PROBLEM DETAILS
A single number is the required answer: the count of lines in the listing below that hold the string "vias".

Start of Block

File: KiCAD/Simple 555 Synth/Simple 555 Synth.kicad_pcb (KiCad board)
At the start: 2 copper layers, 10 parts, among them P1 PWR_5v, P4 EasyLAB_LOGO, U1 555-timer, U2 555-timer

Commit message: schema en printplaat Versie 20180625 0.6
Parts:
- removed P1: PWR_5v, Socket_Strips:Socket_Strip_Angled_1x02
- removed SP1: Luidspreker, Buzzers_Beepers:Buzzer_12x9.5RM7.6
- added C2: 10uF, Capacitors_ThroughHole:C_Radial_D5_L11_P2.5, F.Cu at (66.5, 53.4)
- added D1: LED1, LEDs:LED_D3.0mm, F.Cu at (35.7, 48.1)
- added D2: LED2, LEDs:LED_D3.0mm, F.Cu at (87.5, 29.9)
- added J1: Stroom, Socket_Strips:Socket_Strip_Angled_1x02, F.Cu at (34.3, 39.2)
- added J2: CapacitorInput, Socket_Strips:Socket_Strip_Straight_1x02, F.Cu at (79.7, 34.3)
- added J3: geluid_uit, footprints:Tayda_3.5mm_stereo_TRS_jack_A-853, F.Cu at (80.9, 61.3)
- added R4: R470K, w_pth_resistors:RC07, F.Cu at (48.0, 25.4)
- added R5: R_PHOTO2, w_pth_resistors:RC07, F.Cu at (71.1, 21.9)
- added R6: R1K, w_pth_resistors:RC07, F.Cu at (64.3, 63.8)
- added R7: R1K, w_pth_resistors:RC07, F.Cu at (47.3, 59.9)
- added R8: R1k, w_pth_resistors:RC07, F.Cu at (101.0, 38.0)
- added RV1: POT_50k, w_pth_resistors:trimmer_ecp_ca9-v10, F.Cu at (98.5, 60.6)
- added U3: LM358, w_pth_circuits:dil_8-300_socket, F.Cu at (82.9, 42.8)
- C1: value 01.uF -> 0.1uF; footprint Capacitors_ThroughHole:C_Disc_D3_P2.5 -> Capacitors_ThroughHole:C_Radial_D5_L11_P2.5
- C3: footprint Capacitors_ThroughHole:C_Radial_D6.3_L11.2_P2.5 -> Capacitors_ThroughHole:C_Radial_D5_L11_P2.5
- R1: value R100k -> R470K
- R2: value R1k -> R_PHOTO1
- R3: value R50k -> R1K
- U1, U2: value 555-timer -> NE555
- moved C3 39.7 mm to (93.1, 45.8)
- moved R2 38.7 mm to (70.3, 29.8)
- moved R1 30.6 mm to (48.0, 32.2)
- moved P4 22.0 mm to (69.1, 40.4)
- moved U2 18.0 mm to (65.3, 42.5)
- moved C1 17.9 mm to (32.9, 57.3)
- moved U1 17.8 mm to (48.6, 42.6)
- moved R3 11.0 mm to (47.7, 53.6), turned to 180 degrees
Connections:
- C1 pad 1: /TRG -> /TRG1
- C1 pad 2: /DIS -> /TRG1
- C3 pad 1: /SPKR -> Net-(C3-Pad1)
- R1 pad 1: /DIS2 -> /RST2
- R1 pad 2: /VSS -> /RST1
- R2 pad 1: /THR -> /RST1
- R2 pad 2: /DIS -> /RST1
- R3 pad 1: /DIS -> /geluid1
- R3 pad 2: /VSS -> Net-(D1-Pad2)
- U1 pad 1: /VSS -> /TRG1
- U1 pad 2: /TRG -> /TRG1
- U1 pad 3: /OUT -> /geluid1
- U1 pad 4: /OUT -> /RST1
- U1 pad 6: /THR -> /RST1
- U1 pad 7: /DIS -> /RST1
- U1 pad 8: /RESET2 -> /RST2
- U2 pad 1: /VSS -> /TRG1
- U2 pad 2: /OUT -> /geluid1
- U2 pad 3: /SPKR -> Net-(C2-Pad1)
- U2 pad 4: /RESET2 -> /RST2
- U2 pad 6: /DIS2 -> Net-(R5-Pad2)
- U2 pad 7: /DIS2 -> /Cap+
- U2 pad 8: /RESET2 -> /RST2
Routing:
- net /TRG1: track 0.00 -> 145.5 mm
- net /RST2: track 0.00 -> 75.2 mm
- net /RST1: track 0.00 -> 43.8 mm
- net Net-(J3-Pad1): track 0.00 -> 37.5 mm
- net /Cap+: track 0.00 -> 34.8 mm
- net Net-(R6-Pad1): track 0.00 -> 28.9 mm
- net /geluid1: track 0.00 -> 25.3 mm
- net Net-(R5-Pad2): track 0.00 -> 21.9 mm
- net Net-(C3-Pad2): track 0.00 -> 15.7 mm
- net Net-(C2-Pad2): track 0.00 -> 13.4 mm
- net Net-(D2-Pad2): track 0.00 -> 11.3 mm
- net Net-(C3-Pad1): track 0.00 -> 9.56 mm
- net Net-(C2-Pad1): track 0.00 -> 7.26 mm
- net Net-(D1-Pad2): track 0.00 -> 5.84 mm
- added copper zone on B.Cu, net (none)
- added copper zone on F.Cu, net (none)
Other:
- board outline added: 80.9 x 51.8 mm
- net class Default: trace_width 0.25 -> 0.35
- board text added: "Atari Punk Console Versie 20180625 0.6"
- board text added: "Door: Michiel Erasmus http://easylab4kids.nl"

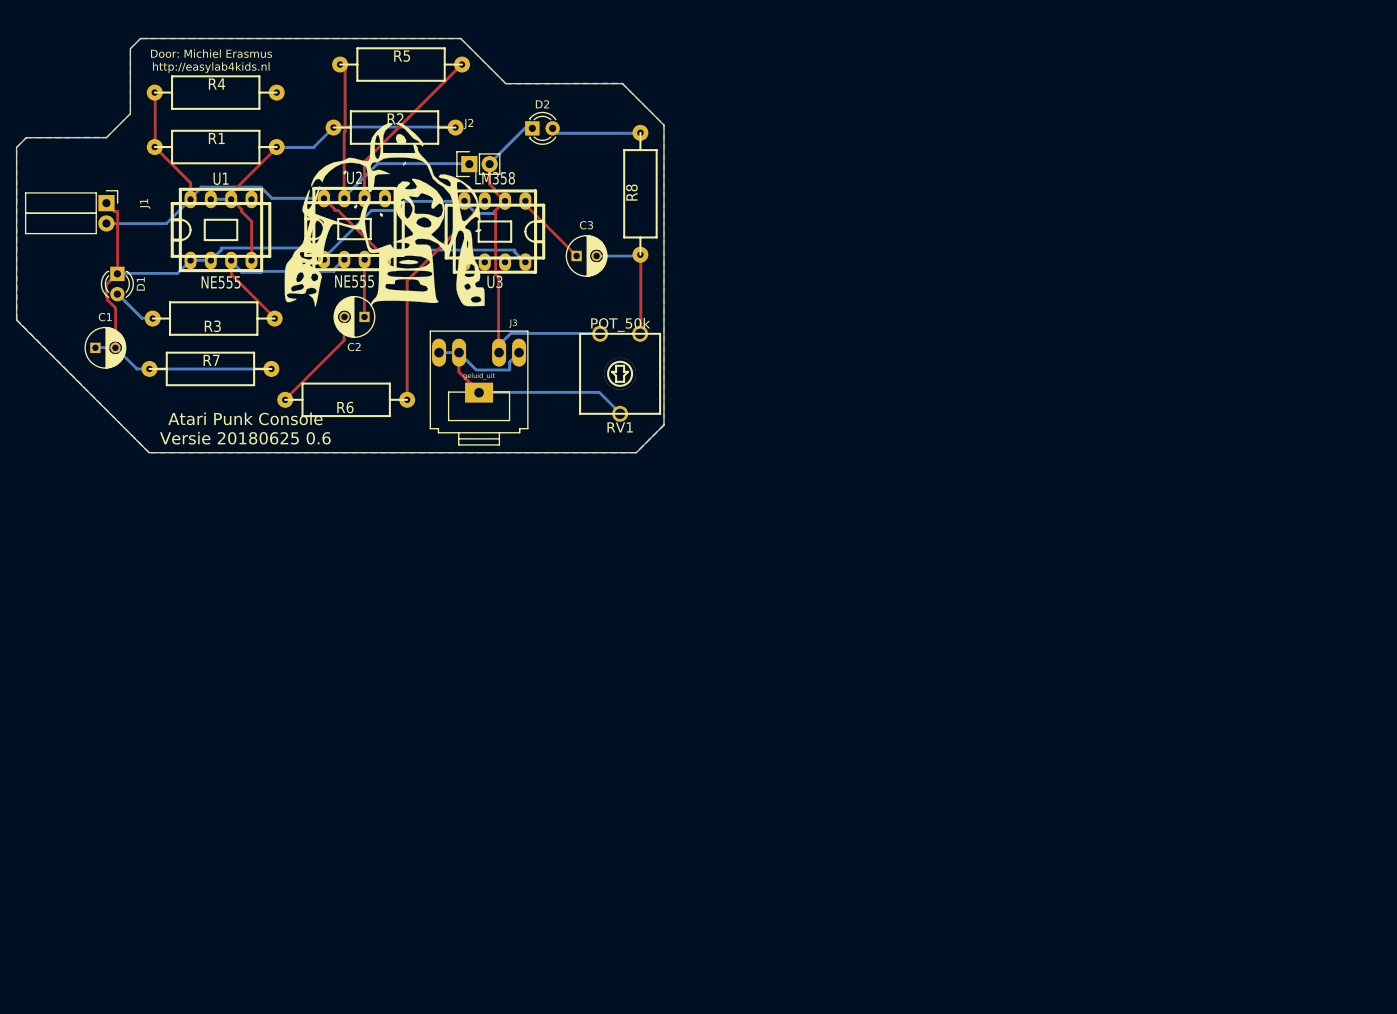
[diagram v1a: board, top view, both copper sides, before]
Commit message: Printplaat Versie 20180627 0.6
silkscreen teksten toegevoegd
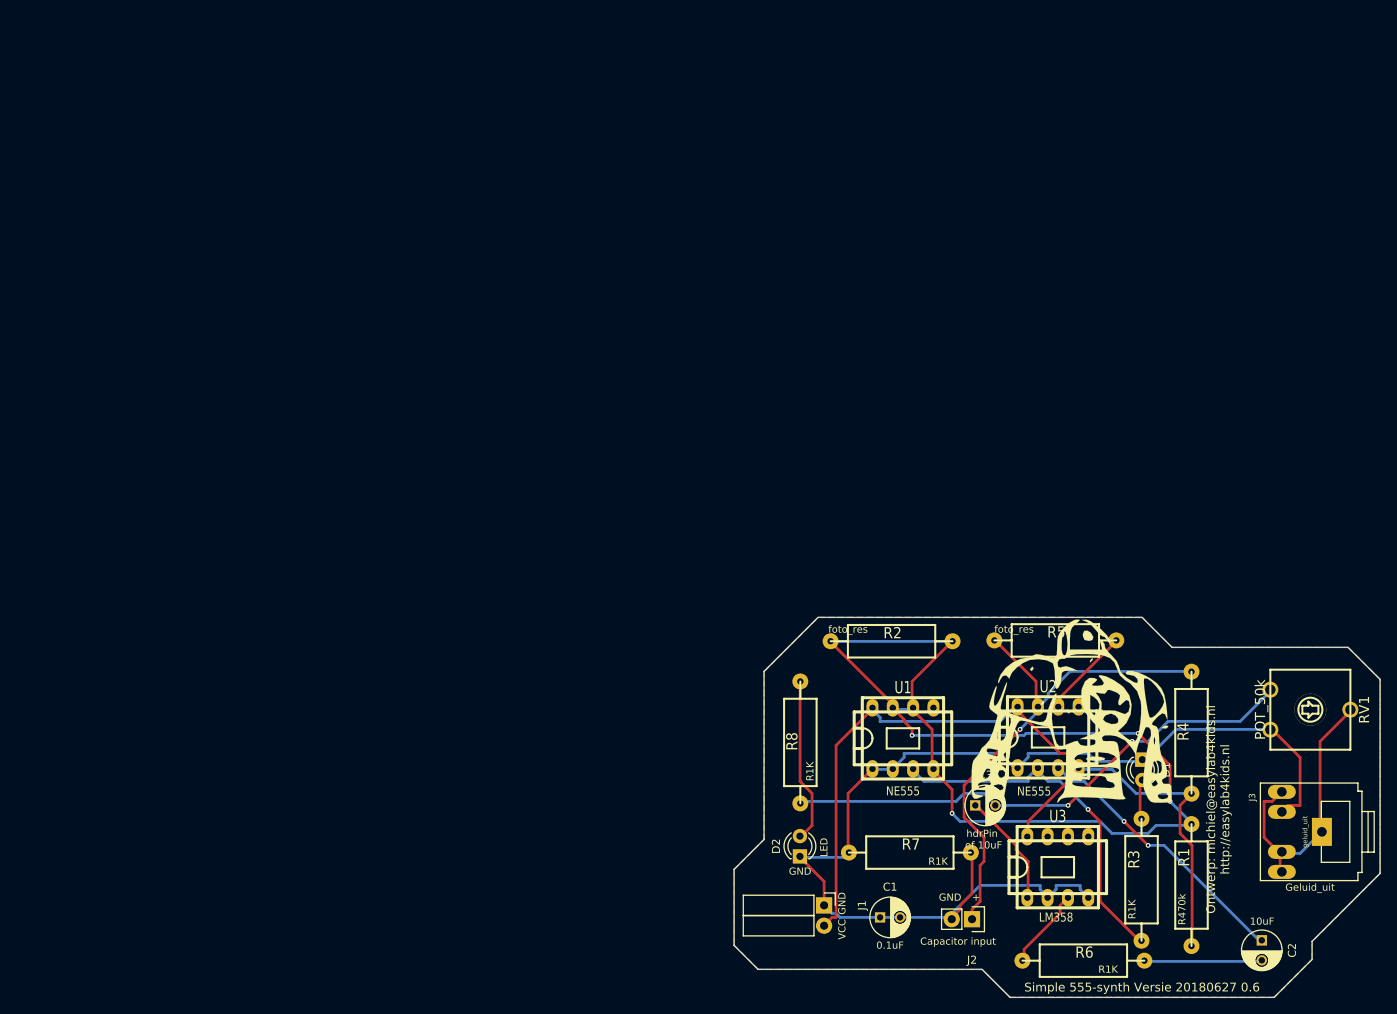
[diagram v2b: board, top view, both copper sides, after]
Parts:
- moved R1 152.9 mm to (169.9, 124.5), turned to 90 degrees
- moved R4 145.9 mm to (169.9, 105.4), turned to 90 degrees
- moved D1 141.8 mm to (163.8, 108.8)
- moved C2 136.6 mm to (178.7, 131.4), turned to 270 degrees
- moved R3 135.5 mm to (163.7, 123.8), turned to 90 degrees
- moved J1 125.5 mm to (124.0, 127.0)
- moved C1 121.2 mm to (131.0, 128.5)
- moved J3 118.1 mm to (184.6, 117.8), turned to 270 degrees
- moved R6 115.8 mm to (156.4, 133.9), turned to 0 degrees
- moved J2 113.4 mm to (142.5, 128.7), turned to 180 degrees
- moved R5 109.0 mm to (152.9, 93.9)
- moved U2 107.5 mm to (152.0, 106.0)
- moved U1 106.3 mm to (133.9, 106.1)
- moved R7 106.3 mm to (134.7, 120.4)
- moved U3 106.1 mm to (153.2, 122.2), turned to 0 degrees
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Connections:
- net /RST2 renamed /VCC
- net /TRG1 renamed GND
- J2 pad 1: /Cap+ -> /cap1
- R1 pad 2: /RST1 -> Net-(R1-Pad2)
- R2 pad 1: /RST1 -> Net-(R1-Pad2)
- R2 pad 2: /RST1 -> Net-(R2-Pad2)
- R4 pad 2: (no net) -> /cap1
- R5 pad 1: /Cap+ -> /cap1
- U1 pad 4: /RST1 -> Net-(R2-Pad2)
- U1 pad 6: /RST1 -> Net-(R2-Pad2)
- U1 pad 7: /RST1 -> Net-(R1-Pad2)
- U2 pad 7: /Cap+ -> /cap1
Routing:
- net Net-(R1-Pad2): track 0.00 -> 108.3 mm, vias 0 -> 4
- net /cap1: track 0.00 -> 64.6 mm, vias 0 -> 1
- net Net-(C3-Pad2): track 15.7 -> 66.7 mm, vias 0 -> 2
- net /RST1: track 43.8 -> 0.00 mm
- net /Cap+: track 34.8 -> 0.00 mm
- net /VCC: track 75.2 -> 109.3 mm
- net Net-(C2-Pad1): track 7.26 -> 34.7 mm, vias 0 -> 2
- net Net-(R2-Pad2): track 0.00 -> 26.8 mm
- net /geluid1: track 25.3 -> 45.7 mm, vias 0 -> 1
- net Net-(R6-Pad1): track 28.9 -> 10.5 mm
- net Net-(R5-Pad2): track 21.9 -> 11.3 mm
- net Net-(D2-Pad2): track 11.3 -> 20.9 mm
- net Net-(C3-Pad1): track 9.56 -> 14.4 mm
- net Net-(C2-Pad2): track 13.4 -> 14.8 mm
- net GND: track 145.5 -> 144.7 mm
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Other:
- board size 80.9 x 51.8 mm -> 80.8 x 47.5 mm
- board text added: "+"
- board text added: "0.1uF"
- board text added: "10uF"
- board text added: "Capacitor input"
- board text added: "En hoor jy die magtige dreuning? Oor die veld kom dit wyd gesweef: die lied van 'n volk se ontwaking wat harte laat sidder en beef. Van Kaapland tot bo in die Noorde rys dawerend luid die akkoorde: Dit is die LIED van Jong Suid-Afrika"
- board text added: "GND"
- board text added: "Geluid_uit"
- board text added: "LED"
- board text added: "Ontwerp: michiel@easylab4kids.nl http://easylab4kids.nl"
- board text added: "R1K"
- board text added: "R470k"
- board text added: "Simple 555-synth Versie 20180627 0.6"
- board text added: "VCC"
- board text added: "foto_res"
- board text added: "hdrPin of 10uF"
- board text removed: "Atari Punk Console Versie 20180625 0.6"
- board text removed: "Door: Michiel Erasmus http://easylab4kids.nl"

End of Block

RESPONSE TO THE TASK
5